YOUR GOAL - Records follow. Pull out every line that contains "lines".

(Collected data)
*** Block opens ***
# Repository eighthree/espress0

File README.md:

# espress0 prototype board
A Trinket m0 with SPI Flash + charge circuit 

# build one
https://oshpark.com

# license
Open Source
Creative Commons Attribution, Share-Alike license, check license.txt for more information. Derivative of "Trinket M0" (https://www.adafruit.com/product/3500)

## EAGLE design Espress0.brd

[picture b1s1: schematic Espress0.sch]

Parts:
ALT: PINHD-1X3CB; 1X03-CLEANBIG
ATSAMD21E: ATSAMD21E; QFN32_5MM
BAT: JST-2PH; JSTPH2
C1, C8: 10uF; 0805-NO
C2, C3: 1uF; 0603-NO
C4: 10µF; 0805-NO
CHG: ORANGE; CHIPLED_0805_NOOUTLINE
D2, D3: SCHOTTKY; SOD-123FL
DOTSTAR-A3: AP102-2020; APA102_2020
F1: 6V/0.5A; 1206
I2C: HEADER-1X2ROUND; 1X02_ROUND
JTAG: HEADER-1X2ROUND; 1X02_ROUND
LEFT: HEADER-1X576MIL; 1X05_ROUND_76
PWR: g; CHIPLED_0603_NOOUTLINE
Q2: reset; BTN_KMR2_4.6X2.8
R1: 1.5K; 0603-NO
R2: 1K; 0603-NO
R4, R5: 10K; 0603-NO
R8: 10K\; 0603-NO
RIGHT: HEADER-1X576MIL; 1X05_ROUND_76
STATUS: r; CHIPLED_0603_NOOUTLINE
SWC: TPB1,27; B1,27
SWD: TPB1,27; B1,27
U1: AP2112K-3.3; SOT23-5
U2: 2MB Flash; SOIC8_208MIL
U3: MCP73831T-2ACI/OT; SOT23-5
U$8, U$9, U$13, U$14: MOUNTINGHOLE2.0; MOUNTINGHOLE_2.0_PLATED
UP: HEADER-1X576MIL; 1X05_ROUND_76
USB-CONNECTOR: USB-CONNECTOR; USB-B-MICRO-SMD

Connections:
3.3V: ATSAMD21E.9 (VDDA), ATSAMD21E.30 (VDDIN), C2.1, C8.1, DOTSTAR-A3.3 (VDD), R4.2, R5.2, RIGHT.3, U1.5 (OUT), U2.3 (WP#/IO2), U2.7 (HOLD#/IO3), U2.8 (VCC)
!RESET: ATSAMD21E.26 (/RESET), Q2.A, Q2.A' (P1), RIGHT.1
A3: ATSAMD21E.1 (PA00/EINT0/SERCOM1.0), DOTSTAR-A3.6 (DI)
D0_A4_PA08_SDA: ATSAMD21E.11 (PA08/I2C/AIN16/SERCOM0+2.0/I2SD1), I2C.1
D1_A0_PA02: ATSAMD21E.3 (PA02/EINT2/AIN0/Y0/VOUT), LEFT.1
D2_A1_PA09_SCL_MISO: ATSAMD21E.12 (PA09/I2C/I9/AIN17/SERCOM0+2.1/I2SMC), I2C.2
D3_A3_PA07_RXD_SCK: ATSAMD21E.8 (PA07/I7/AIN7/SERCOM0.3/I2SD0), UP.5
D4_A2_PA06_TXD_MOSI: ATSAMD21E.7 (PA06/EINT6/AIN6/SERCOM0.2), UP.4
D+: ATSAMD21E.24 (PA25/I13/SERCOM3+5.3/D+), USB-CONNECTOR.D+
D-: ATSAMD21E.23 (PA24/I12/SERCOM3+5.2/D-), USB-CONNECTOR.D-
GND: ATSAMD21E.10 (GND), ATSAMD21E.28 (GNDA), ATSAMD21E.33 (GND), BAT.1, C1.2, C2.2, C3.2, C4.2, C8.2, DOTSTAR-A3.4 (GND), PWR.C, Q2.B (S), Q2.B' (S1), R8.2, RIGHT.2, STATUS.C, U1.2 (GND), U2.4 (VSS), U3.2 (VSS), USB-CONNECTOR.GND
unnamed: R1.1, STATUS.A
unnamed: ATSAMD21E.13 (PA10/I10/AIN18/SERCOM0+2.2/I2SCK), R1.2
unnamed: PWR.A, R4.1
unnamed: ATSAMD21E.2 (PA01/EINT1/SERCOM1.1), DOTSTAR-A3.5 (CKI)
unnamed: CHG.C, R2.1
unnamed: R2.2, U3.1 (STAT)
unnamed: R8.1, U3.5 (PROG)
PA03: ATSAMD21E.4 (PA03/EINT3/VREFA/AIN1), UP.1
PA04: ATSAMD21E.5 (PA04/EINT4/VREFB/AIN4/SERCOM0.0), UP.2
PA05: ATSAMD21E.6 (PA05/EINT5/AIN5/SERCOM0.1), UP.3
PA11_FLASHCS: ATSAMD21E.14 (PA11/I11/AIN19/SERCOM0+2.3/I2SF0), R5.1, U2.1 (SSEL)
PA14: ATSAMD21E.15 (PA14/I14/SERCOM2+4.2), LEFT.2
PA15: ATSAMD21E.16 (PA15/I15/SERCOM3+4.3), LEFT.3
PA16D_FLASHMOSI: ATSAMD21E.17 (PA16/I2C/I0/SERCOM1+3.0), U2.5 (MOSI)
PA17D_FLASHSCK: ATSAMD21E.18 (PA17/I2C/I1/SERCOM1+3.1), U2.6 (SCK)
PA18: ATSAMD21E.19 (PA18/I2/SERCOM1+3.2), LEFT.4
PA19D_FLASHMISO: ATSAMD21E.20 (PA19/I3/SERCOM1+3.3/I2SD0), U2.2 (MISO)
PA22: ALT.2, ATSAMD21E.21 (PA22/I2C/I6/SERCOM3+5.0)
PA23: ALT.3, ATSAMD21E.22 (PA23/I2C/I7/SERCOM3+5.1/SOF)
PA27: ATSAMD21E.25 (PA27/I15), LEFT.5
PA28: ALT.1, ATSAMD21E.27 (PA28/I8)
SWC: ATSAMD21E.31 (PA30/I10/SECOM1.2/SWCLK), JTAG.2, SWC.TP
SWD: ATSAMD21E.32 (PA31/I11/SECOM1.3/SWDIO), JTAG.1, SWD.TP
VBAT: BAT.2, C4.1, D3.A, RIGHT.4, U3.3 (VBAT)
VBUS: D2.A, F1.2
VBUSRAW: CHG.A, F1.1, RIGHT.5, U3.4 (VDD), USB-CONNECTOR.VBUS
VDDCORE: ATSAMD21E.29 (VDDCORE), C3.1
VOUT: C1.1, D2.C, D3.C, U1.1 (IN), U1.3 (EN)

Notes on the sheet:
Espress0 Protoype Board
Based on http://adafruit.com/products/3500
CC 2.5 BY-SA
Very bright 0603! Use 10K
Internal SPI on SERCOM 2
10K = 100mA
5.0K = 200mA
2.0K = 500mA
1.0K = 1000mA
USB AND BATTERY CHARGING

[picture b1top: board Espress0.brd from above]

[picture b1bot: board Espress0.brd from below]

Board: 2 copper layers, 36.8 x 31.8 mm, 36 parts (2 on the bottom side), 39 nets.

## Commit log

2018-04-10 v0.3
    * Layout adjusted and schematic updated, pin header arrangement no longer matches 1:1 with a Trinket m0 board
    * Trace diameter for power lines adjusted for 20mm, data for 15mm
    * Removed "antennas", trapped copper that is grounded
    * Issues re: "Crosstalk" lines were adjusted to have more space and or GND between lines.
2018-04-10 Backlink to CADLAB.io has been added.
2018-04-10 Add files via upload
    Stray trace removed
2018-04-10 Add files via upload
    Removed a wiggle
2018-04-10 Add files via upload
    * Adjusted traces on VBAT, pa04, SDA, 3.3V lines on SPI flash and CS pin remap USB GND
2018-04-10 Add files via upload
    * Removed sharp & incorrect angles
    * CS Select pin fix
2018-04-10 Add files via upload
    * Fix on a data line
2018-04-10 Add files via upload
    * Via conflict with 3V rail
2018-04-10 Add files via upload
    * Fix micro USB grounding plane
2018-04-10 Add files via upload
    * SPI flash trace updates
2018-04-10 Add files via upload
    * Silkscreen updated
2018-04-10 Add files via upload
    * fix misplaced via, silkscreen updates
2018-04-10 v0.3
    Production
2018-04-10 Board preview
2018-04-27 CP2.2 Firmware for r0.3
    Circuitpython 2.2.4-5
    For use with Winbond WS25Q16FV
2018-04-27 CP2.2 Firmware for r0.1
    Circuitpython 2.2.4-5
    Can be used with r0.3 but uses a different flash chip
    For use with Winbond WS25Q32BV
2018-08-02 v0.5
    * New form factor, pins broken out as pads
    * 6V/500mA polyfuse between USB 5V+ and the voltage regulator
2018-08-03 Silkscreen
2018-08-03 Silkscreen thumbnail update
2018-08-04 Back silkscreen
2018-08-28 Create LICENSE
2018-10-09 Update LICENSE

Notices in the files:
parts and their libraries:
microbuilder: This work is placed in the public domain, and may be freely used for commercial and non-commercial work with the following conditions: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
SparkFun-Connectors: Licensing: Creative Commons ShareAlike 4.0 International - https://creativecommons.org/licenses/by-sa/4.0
*** Block closes ***
SOLUTION BELOW -
    * Trace diameter for power lines adjusted for 20mm, data for 15mm
    * Issues re: "Crosstalk" lines were adjusted to have more space and or GND between lines.
    * Adjusted traces on VBAT, pa04, SDA, 3.3V lines on SPI flash and CS pin remap USB GND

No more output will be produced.